Security Info Sharing: A One-Way Street?
Government and the private sector sharing information about security threats - whether physical and digital - isn't a two-way street. What the government takes, it doesn't always give.
It's a problem highlighted in a just-released report, Efforts to Identify Critical Infrastructure Assets and Systems, issued Tuesday by the Department of Homeland Security's inspector general:
Several factors hamper DHS's ability to share information with its critical infrastructure/key resources partners. Although information submitted by states and sector experts is unclassified, the final lists are classified Secret. This presents an obstacle to stakeholders who do not have the necessary clearance. Threat information from intelligence agencies is also classified, which can be an impediment to information sharing. ... The intelligence on cyber threats to critical infrastructure control systems is not often shared with the owners of those systems.

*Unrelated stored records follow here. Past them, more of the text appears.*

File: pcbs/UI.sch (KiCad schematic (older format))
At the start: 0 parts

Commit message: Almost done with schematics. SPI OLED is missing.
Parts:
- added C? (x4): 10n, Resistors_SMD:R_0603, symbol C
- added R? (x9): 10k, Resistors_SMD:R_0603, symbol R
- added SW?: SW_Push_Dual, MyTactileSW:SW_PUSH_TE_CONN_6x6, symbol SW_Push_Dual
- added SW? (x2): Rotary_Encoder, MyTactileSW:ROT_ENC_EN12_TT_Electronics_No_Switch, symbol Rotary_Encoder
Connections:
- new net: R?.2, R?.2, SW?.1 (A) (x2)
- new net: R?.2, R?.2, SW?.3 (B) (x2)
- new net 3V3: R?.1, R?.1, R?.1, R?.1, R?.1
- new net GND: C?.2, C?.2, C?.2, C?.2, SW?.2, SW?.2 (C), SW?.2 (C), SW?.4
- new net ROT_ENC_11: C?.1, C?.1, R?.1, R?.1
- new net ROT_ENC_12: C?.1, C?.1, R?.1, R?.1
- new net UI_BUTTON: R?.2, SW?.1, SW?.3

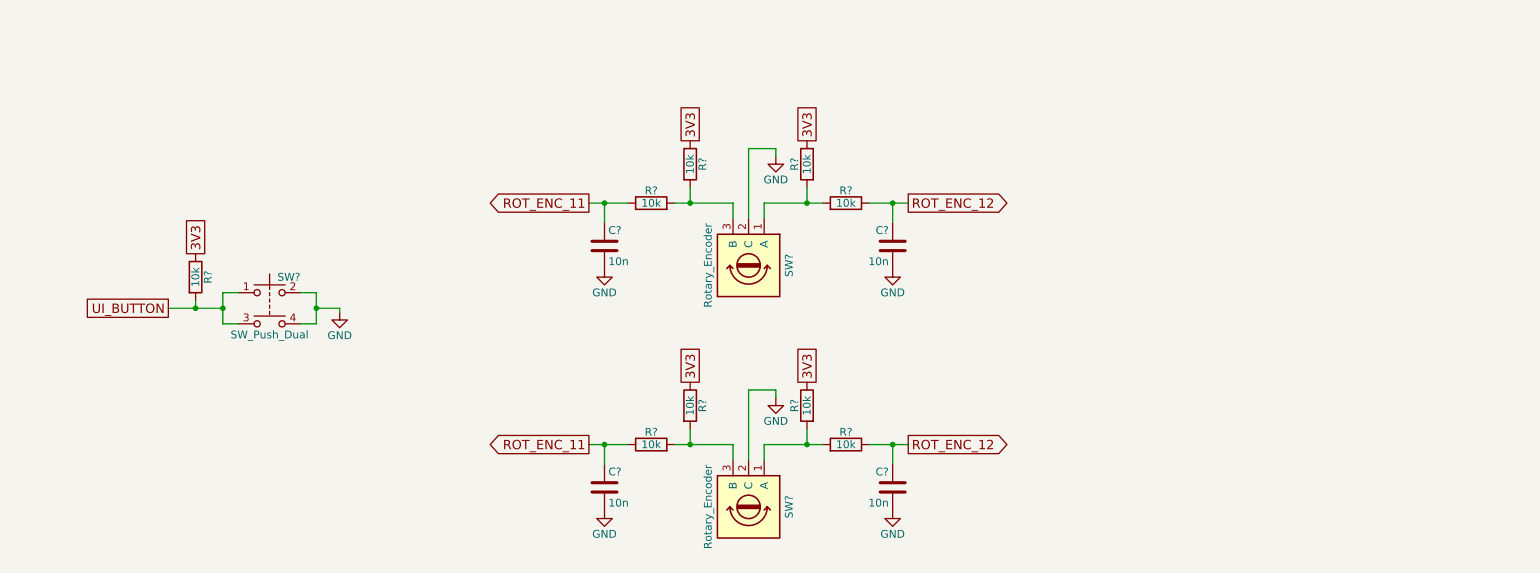
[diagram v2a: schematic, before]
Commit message: No DRC errors anymore in schematics.
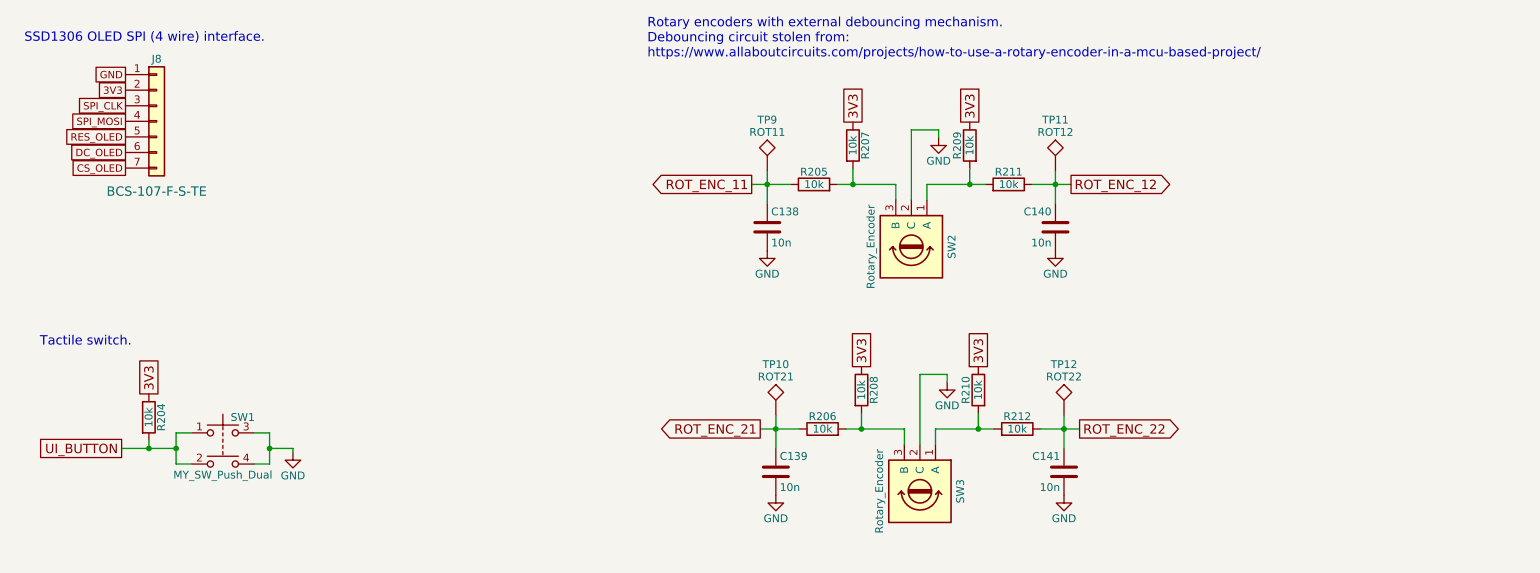
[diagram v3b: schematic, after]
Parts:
- removed C? (x2): 10n, Resistors_SMD:R_0603, symbol C
- removed R? (x4): 10k, Resistors_SMD:R_0603, symbol R
- removed SW?: SW_Push_Dual, MyTactileSW:SW_PUSH_TE_CONN_6x6, symbol SW_Push_Dual
- removed SW?: Rotary_Encoder, MyTactileSW:ROT_ENC_EN12_TT_Electronics_No_Switch, symbol Rotary_Encoder
- added C138, C140: 10n, Resistors_SMD:R_0603, symbol C
- added J8: Conn_01x07, Pin_Headers:Pin_Header_Straight_1x07_Pitch2.54mm, symbol Conn_01x07
- added R205, R207, R209, R211: 10k, Resistors_SMD:R_0603, symbol R
- added SW1: MY_SW_Push_Dual, MySWs:SW_PUSH_TE_CONN_6x6, symbol MY_SW_Push_Dual
- added SW2: Rotary_Encoder, MyTactileSW:ROT_ENC_EN12_TT_Electronics_No_Switch, symbol Rotary_Encoder
- added TP10: ROT21, symbol TEST
- added TP11: ROT12, symbol TEST
- added TP12: ROT22, symbol TEST
- added TP9: ROT11, symbol TEST
- gave numbers to parts that had none: 8
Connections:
- net 3V3: now also J8.2 (Pin_2), R207.1, R209.1
- net GND: now also C138.2, C140.2, J8.1 (Pin_1), SW1.3, SW1.4, SW2.2 (C)
- net ROT_ENC_11: now also C138.1, R205.1, TP9.1; no longer C139.1, R206.1
- net ROT_ENC_12: now also C140.1, R211.1, TP11.1; no longer C141.1, R212.1
- net UI_BUTTON: now also SW1.1, SW1.2
- new net: R209.2, R211.2, SW2.1 (A)
- new net: R205.2, R207.2, SW2.3 (B)
- new net CS_OLED: J8.7 (Pin_7)
- new net DC_OLED: J8.6 (Pin_6)
- new net RES_OLED: J8.5 (Pin_5)
- new net ROT_ENC_21: C139.1, R206.1, TP10.1
- new net ROT_ENC_22: C141.1, R212.1, TP12.1
- new net SPI_CLK: J8.3 (Pin_3)
- new net SPI_MOSI: J8.4 (Pin_4)
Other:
- note added: "Rotary encoders with external debouncing mechanism. \nDebouncing circuit stolen from:\nhttps://www.allaboutcircuits.com/projects/how-to-use-a-rotary-encoder-in-a-mcu-based-project/"
- note added: "SSD1306 OLED SPI (4 wire) interface."
- note added: "Tactile switch."
- moved on the sheet: C139, C141, R204, R206, R208, R210, R212, SW3

The gap between stakeholder expectation and DHS reluctance to share critical information is something the inspector general feels can be resolved, and recommended that the department develop that would lead to greater sharing of final lists with partners and provide specific guidance to partners on sharing sensitive and classified information.
While DHS concurred with the recommendation, the IG wasn't totally satisfied with the department's response, which also involves sharing sensitive information with state governments.
There was no indication in its response on what actions will be taken to address this recommendation. We understand that protective security advisers and other DHS staff continue to work with states on sharing sensitive information. This recommendation will remain resolved and open until the department provides further information on how it will address greater sharing of lists.
No doubt DHS and its cohorts elsewhere in government, academia and business can figure out a way to furnish the owners of the nation's critical infrastructure with timely information regarding threats without exposing classified information.
The IG also noted that progress has been made in securing the cyber component of critical infrastructure operations, citing the National Infrastructure Protection Plan - a government document that aims to unify critical infrastructure and key resources - that states that cross-sector cyber work is inherently difficult. In its discussions with public and private experts across 15 sectors, the IG said, most understood the importance of cybersecurity.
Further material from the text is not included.